Where "count" appears in a line of the entries below, that line should be copied.

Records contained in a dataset

※

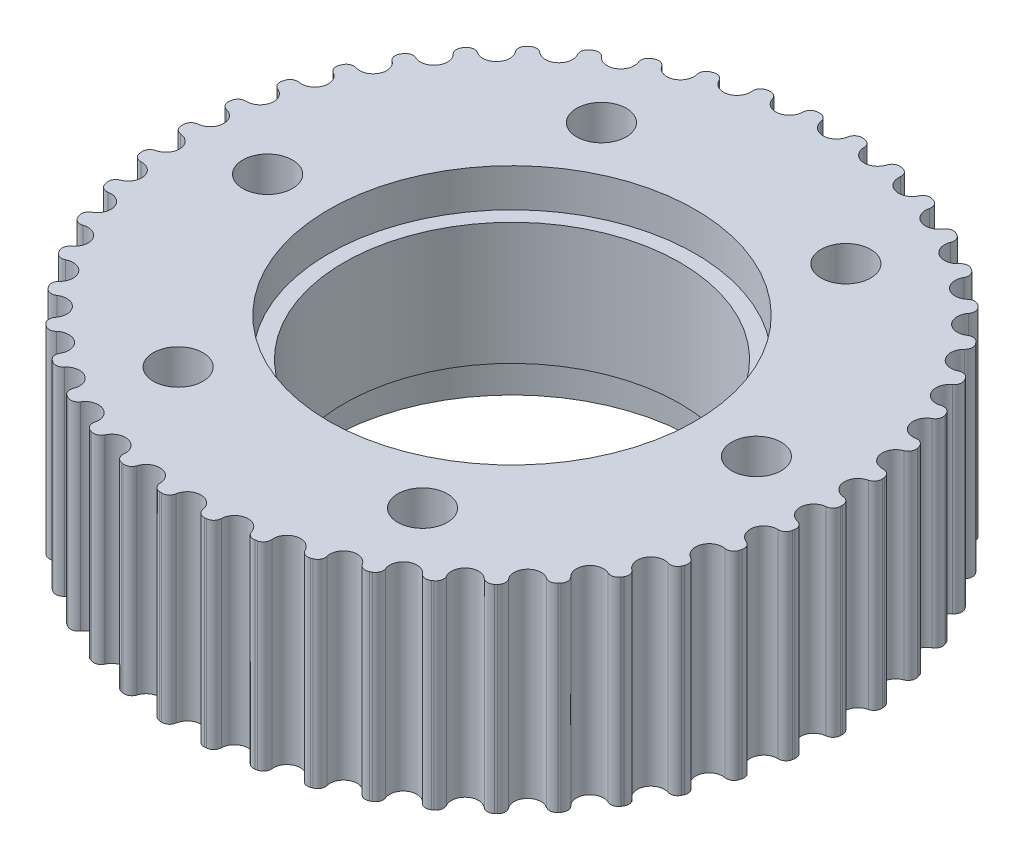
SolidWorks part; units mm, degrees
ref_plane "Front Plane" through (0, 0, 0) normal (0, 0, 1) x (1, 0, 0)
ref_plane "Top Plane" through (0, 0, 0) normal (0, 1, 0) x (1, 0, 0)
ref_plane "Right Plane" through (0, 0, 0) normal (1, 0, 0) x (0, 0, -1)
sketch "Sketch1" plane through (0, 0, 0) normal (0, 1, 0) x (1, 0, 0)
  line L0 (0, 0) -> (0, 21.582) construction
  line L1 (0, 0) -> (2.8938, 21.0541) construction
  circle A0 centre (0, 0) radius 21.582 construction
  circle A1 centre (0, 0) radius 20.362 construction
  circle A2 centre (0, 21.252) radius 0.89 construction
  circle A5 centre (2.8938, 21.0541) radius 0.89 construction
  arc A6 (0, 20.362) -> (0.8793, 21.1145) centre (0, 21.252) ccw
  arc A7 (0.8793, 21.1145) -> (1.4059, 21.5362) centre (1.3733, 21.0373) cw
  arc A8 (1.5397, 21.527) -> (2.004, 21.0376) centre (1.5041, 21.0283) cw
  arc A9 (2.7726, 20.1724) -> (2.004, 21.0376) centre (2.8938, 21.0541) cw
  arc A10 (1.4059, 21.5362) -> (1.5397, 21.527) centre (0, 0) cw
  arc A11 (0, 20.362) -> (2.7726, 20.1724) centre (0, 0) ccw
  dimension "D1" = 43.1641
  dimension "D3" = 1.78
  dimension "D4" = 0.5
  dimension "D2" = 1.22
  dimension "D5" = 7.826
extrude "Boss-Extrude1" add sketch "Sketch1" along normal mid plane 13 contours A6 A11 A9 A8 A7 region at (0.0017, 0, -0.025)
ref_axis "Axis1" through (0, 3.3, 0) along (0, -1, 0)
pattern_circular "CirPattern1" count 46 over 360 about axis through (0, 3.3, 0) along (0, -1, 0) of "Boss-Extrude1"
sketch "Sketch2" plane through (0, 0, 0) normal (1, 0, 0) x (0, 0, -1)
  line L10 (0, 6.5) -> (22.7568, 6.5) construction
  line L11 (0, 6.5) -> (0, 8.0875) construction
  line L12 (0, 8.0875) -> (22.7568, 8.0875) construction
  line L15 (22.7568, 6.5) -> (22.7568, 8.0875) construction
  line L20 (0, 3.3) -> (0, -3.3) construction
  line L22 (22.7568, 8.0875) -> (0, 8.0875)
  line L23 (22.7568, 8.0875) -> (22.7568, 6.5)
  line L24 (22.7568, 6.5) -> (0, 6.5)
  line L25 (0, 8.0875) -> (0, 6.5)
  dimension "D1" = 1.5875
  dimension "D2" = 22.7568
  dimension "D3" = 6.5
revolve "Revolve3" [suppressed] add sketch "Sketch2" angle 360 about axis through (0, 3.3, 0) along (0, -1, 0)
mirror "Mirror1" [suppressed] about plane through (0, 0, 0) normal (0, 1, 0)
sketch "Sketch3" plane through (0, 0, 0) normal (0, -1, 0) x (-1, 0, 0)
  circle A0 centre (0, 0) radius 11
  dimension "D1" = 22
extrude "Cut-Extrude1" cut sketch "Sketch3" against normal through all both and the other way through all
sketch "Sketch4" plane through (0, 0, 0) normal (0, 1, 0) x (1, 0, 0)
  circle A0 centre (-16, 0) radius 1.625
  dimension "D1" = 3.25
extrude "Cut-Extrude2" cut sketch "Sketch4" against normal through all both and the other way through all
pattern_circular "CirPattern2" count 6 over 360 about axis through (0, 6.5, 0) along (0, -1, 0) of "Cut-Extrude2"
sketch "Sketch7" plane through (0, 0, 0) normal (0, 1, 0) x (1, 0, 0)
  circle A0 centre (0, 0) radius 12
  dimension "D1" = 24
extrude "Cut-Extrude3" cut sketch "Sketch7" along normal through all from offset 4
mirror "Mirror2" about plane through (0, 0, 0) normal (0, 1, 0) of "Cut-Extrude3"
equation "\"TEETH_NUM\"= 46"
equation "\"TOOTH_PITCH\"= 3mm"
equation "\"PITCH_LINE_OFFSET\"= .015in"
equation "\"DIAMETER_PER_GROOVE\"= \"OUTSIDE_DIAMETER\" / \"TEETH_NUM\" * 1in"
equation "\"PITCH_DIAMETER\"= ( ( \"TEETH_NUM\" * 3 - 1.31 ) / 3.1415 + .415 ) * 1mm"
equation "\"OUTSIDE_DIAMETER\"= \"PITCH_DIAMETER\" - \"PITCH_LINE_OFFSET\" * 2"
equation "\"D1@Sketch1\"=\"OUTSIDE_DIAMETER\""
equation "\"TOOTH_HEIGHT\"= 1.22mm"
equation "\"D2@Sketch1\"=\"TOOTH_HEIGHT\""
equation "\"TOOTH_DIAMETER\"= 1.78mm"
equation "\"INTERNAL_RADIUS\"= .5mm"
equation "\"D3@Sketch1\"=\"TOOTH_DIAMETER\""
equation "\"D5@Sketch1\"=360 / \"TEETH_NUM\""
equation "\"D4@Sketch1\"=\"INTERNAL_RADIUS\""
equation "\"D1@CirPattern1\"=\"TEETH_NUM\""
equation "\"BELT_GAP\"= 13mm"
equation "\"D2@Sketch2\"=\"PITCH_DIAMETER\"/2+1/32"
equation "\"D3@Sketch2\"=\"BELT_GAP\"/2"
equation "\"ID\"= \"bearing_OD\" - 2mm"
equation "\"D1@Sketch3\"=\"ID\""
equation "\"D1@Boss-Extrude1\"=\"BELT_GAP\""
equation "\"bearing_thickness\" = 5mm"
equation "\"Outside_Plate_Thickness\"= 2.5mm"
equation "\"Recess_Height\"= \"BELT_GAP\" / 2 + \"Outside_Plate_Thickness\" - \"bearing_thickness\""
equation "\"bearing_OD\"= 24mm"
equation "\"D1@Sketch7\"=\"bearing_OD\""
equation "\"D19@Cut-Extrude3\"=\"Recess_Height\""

※

* [Solution below]
pattern_circular "CirPattern1" count 46 over 360 about axis through (0, 3.3, 0) along (0, -1, 0) of "Boss-Extrude1"
pattern_circular "CirPattern2" count 6 over 360 about axis through (0, 6.5, 0) along (0, -1, 0) of "Cut-Extrude2"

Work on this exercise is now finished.